Muszę powiedzieć uczciwie, że to zdjęcie nie wiązało się z jakimś szczególnym poświęceniem. Dzień wcześniej zrobiłem rekonesans okolicy (Bagna Całowanie na południe od Warszawy), dziś wystarczyło wstać o 5-ej, wypić kawę i przejechać się kawałek samochodem. Jadąc bałem się, że będzie nudnawo, gdzieś na górze dogasał księżyc na bezchmurnym niebie. Ale potem chmury się pojawiły, w dodatku na bagnach, co nie jest wcale rzadkie, zakumulowała się mgła.
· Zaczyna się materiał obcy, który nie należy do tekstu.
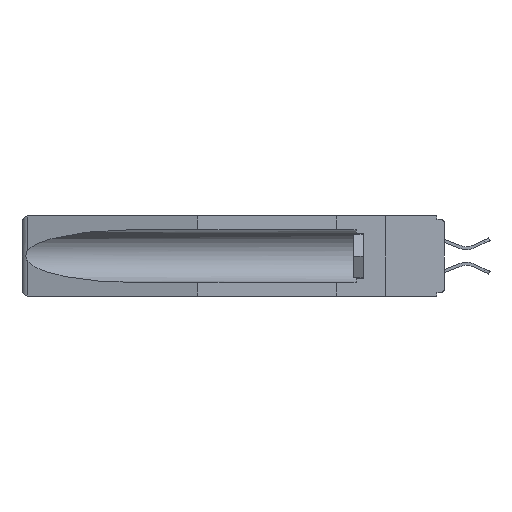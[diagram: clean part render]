
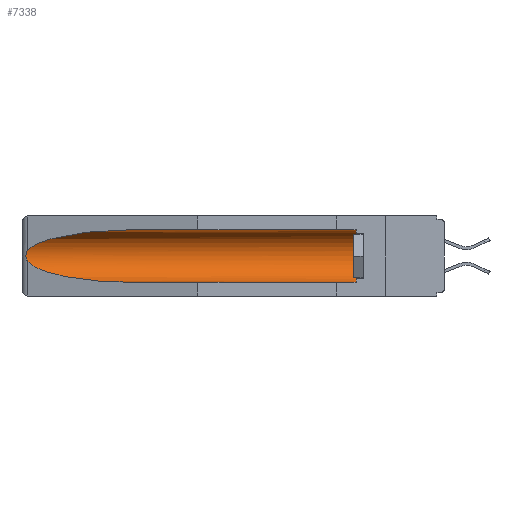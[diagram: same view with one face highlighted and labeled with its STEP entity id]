
A CAD part, left-side view. The second image highlights one B-rep face of the part: STEP entity #7338.
In plain terms, the highlighted cylindrical face has radius 2.857 mm (diameter 5.715 mm), a partial arc.
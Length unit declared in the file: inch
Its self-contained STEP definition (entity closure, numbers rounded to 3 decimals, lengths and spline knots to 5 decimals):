
#56 = LINE ( 'NONE', #18572, #3285 ) ;
#60 = VERTEX_POINT ( 'NONE', #5530 ) ;
#627 = CARTESIAN_POINT ( 'NONE',  ( 0.26537, 1.52718, -0.19328 ) ) ;
#796 = CARTESIAN_POINT ( 'NONE',  ( 0.155, 0.126, -0.1715 ) ) ;
#917 = DIRECTION ( 'NONE',  ( 0., -1., 0. ) ) ;
#1253 = DIRECTION ( 'NONE',  ( 0., 1., 0. ) ) ;
#1864 = EDGE_CURVE ( 'NONE', #13135, #60, #2921, .T. ) ;
#2001 = CARTESIAN_POINT ( 'NONE',  ( 0.26537, 1.52718, -0.19328 ) ) ;
#2046 = CARTESIAN_POINT ( 'NONE',  ( 0.26654, 1.53092, -0.15636 ) ) ;
#2112 = CARTESIAN_POINT ( 'NONE',  ( 0.2675, 1.53308, -0.16763 ) ) ;
#2241 = EDGE_CURVE ( 'NONE', #7680, #8385, #7326, .T. ) ;
#2427 = ORIENTED_EDGE ( 'NONE', *, *, #5106, .T. ) ;
#2921 = CIRCLE ( 'NONE', #15140, 0.1125 ) ;
#3285 = VECTOR ( 'NONE', #14183, 39.37008 ) ;
#3490 = DIRECTION ( 'NONE',  ( 0., 1., 0. ) ) ;
#3847 =( BOUNDED_CURVE ( )  B_SPLINE_CURVE ( 3, ( #2001, #13732, #15233, #9696 ),
 .UNSPECIFIED., .F., .T. ) 
 B_SPLINE_CURVE_WITH_KNOTS ( ( 4, 4 ),
 ( 0.1948, 1.5708 ),
 .UNSPECIFIED. ) 
 CURVE ( )  GEOMETRIC_REPRESENTATION_ITEM ( )  RATIONAL_B_SPLINE_CURVE ( ( 1., 0.848, 0.848, 1. ) ) 
 REPRESENTATION_ITEM ( '' )  );
#4077 = ORIENTED_EDGE ( 'NONE', *, *, #1864, .T. ) ;
#4261 = FACE_OUTER_BOUND ( 'NONE', #14639, .T. ) ;
#4704 = CARTESIAN_POINT ( 'NONE',  ( 0.26537, 1.52718, -0.14972 ) ) ;
#4913 = DIRECTION ( 'NONE',  ( 0., 0., 1. ) ) ;
#5028 = CARTESIAN_POINT ( 'NONE',  ( 0.26537, 1.52718, -0.14972 ) ) ;
#5106 = EDGE_CURVE ( 'NONE', #8385, #9760, #3847, .T. ) ;
#5530 = CARTESIAN_POINT ( 'NONE',  ( 0.155, 0.126, -0.059 ) ) ;
#5545 = CARTESIAN_POINT ( 'NONE',  ( 0.155, 1.07973, -0.059 ) ) ;
#6347 = CYLINDRICAL_SURFACE ( 'NONE', #16453, 0.1125 ) ;
#6887 = ORIENTED_EDGE ( 'NONE', *, *, #7996, .T. ) ;
#6952 = ORIENTED_EDGE ( 'NONE', *, *, #2241, .T. ) ;
#7004 = ORIENTED_EDGE ( 'NONE', *, *, #11708, .T. ) ;
#7242 = CARTESIAN_POINT ( 'NONE',  ( 0.155, 1.07973, -0.284 ) ) ;
#7326 = B_SPLINE_CURVE_WITH_KNOTS ( 'NONE', 3,
 ( #5028, #18506, #2046, #9551, #2112, #17113, #9617, #13848, #13915, #627 ),
 .UNSPECIFIED., .F., .F.,
 ( 4, 2, 2, 2, 4 ),
 ( 0., 0.00029, 0.00058, 0.00087, 0.00117 ),
 .UNSPECIFIED. ) ;
#7338 = ADVANCED_FACE ( 'NONE', ( #4261 ), #6347, .F. ) ;
#7397 = CARTESIAN_POINT ( 'NONE',  ( 0.155, 1.07973, -0.059 ) ) ;
#7680 = VERTEX_POINT ( 'NONE', #9744 ) ;
#7996 = EDGE_CURVE ( 'NONE', #60, #13710, #56, .T. ) ;
#8385 = VERTEX_POINT ( 'NONE', #12537 ) ;
#8836 = EDGE_CURVE ( 'NONE', #13135, #9760, #16421, .T. ) ;
#9551 = CARTESIAN_POINT ( 'NONE',  ( 0.2673, 1.5327, -0.16383 ) ) ;
#9617 = CARTESIAN_POINT ( 'NONE',  ( 0.2673, 1.53269, -0.17917 ) ) ;
#9696 = CARTESIAN_POINT ( 'NONE',  ( 0.155, 1.07973, -0.284 ) ) ;
#9744 = CARTESIAN_POINT ( 'NONE',  ( 0.26537, 1.52718, -0.14972 ) ) ;
#9760 = VERTEX_POINT ( 'NONE', #7242 ) ;
#10126 = CARTESIAN_POINT ( 'NONE',  ( 0.155, -0.30754, -0.284 ) ) ;
#10674 = CARTESIAN_POINT ( 'NONE',  ( 0.25451, 1.48313, -0.09465 ) ) ;
#11708 = EDGE_CURVE ( 'NONE', #13710, #7680, #12926, .T. ) ;
#11805 = CARTESIAN_POINT ( 'NONE',  ( 0.21114, 1.30732, -0.059 ) ) ;
#12456 = VECTOR ( 'NONE', #1253, 39.37008 ) ;
#12537 = CARTESIAN_POINT ( 'NONE',  ( 0.26537, 1.52718, -0.19328 ) ) ;
#12926 =( BOUNDED_CURVE ( )  B_SPLINE_CURVE ( 3, ( #5545, #11805, #10674, #4704 ),
 .UNSPECIFIED., .F., .F. ) 
 B_SPLINE_CURVE_WITH_KNOTS ( ( 4, 4 ),
 ( 4.71239, 6.08839 ),
 .UNSPECIFIED. ) 
 CURVE ( )  GEOMETRIC_REPRESENTATION_ITEM ( )  RATIONAL_B_SPLINE_CURVE ( ( 1., 0.848, 0.848, 1. ) ) 
 REPRESENTATION_ITEM ( '' )  );
#13135 = VERTEX_POINT ( 'NONE', #17829 ) ;
#13360 = ORIENTED_EDGE ( 'NONE', *, *, #8836, .F. ) ;
#13710 = VERTEX_POINT ( 'NONE', #7397 ) ;
#13732 = CARTESIAN_POINT ( 'NONE',  ( 0.25451, 1.48313, -0.24835 ) ) ;
#13848 = CARTESIAN_POINT ( 'NONE',  ( 0.26655, 1.53094, -0.18657 ) ) ;
#13915 = CARTESIAN_POINT ( 'NONE',  ( 0.26597, 1.5296, -0.19026 ) ) ;
#14183 = DIRECTION ( 'NONE',  ( 0., 1., 0. ) ) ;
#14639 = EDGE_LOOP ( 'NONE', ( #7004, #6952, #2427, #13360, #4077, #6887 ) ) ;
#15140 = AXIS2_PLACEMENT_3D ( 'NONE', #796, #917, #15777 ) ;
#15233 = CARTESIAN_POINT ( 'NONE',  ( 0.21114, 1.30732, -0.284 ) ) ;
#15777 = DIRECTION ( 'NONE',  ( 0., 0., 1. ) ) ;
#16421 = LINE ( 'NONE', #10126, #12456 ) ;
#16453 = AXIS2_PLACEMENT_3D ( 'NONE', #18107, #3490, #4913 ) ;
#17113 = CARTESIAN_POINT ( 'NONE',  ( 0.2675, 1.53308, -0.17534 ) ) ;
#17829 = CARTESIAN_POINT ( 'NONE',  ( 0.155, 0.126, -0.284 ) ) ;
#18107 = CARTESIAN_POINT ( 'NONE',  ( 0.155, -0.30754, -0.1715 ) ) ;
#18506 = CARTESIAN_POINT ( 'NONE',  ( 0.26597, 1.52961, -0.15275 ) ) ;
#18572 = CARTESIAN_POINT ( 'NONE',  ( 0.155, -0.30754, -0.059 ) ) ;
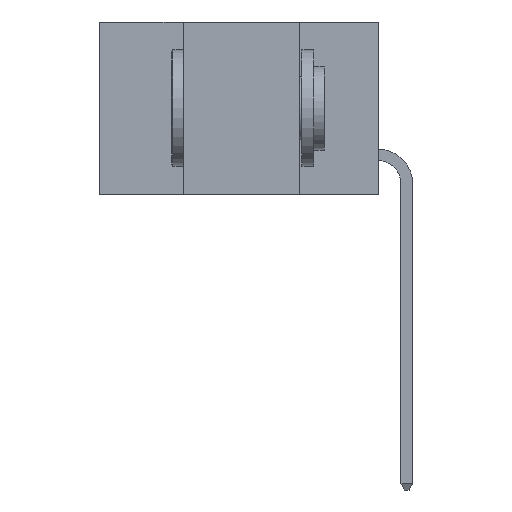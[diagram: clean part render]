
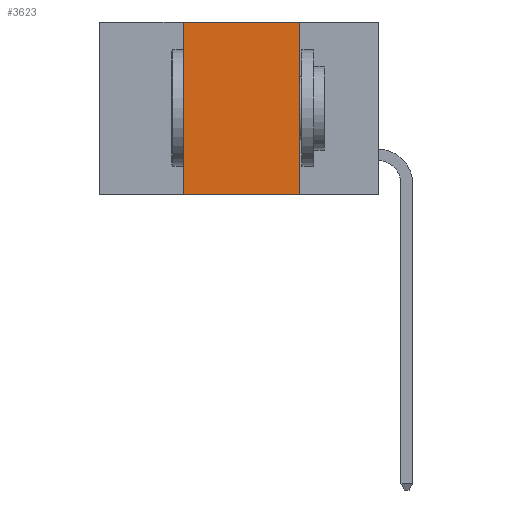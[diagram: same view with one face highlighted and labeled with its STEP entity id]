
A CAD part, left-side view. The second image highlights one B-rep face of the part: STEP entity #3623.
In plain terms, the highlighted planar face has unit normal (-1, 0, 0).
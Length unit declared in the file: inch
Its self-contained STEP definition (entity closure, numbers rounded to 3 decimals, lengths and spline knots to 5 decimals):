
#874 = CARTESIAN_POINT ( 'NONE',  ( 0., 0.17, -0.37 ) ) ;
#1022 = CARTESIAN_POINT ( 'NONE',  ( 0., 0.6, 0. ) ) ;
#1046 = DIRECTION ( 'NONE',  ( 0., -1., 0. ) ) ;
#2793 = VERTEX_POINT ( 'NONE', #19955 ) ;
#3623 = ADVANCED_FACE ( 'NONE', ( #9241 ), #10906, .F. ) ;
#3770 = DIRECTION ( 'NONE',  ( 0., -1., 0. ) ) ;
#4501 = CARTESIAN_POINT ( 'NONE',  ( 0., 0.6, -0.37 ) ) ;
#9107 = VERTEX_POINT ( 'NONE', #16829 ) ;
#9241 = FACE_OUTER_BOUND ( 'NONE', #18049, .T. ) ;
#9521 = EDGE_CURVE ( 'NONE', #9627, #9107, #16982, .T. ) ;
#9627 = VERTEX_POINT ( 'NONE', #21513 ) ;
#10174 = DIRECTION ( 'NONE',  ( 0., 0., -1. ) ) ;
#10230 = DIRECTION ( 'NONE',  ( 1., 0., 0. ) ) ;
#10310 = CARTESIAN_POINT ( 'NONE',  ( 0., 0.6, 0. ) ) ;
#10906 = PLANE ( 'NONE',  #17912 ) ;
#11382 = VERTEX_POINT ( 'NONE', #17995 ) ;
#12728 = VECTOR ( 'NONE', #3770, 39.37008 ) ;
#13871 = CARTESIAN_POINT ( 'NONE',  ( 0., 0.42, -0.37 ) ) ;
#13893 = DIRECTION ( 'NONE',  ( 0., 0., 1. ) ) ;
#15601 = EDGE_CURVE ( 'NONE', #9627, #2793, #15823, .T. ) ;
#15823 = LINE ( 'NONE', #13871, #22544 ) ;
#16829 = CARTESIAN_POINT ( 'NONE',  ( 0., 0.17, -0.37 ) ) ;
#16839 = EDGE_CURVE ( 'NONE', #2793, #11382, #17645, .T. ) ;
#16982 = LINE ( 'NONE', #4501, #12728 ) ;
#17645 = LINE ( 'NONE', #1022, #21826 ) ;
#17791 = LINE ( 'NONE', #874, #21941 ) ;
#17912 = AXIS2_PLACEMENT_3D ( 'NONE', #10310, #10230, #10174 ) ;
#17995 = CARTESIAN_POINT ( 'NONE',  ( 0., 0.17, 0. ) ) ;
#18049 = EDGE_LOOP ( 'NONE', ( #21725, #22163, #23014, #23432 ) ) ;
#19955 = CARTESIAN_POINT ( 'NONE',  ( 0., 0.42, 0. ) ) ;
#20511 = EDGE_CURVE ( 'NONE', #11382, #9107, #17791, .T. ) ;
#21098 = DIRECTION ( 'NONE',  ( 0., 0., -1. ) ) ;
#21513 = CARTESIAN_POINT ( 'NONE',  ( 0., 0.42, -0.37 ) ) ;
#21725 = ORIENTED_EDGE ( 'NONE', *, *, #20511, .F. ) ;
#21826 = VECTOR ( 'NONE', #1046, 39.37008 ) ;
#21941 = VECTOR ( 'NONE', #21098, 39.37008 ) ;
#22163 = ORIENTED_EDGE ( 'NONE', *, *, #16839, .F. ) ;
#22544 = VECTOR ( 'NONE', #13893, 39.37008 ) ;
#23014 = ORIENTED_EDGE ( 'NONE', *, *, #15601, .F. ) ;
#23432 = ORIENTED_EDGE ( 'NONE', *, *, #9521, .T. ) ;

Sfotografowany akwen to sztuczny staw, Mgła schowała to, co znajduje się jakieś 2 kilometry dalej i w normalnych warunkach mocno psuje krajobraz – linię elektryczną i domy. Znalazłem się w środku naturalnej „bańki”, ciesząc się widokami, których na Mazowszu trzeba się nieźle naszukać. Słońce wzeszło jakieś 10 minut później – ale to pokaże w jakimś przyszłym odcinku.


… jednym z najładniejszych, jakie znam – Łazienki w Warszawie. Podobno można tam natknąć się nawet na lisa. Lisa. Ale rzecz jasna najwięcej tam pływa kaczek, co jest nudne i banalne. Na szczęście dziś ogarnął je jakiś szał tańca na wodzie i łopotania skrzydłami, co na pierwszym zdjęcie udało się utrwalić w sposób dość ikoniczny, na drugim zaś – mniej oczywisty. Warunki świetlne – lubiane przeze mnie, ponieważ było pochmurne popołudnie, podczas którego udało mi się też zrobić kilka zdjęć typu urban landscape. Być może kiedyś je tu pokażę. Oczywiście będą czarno-białe.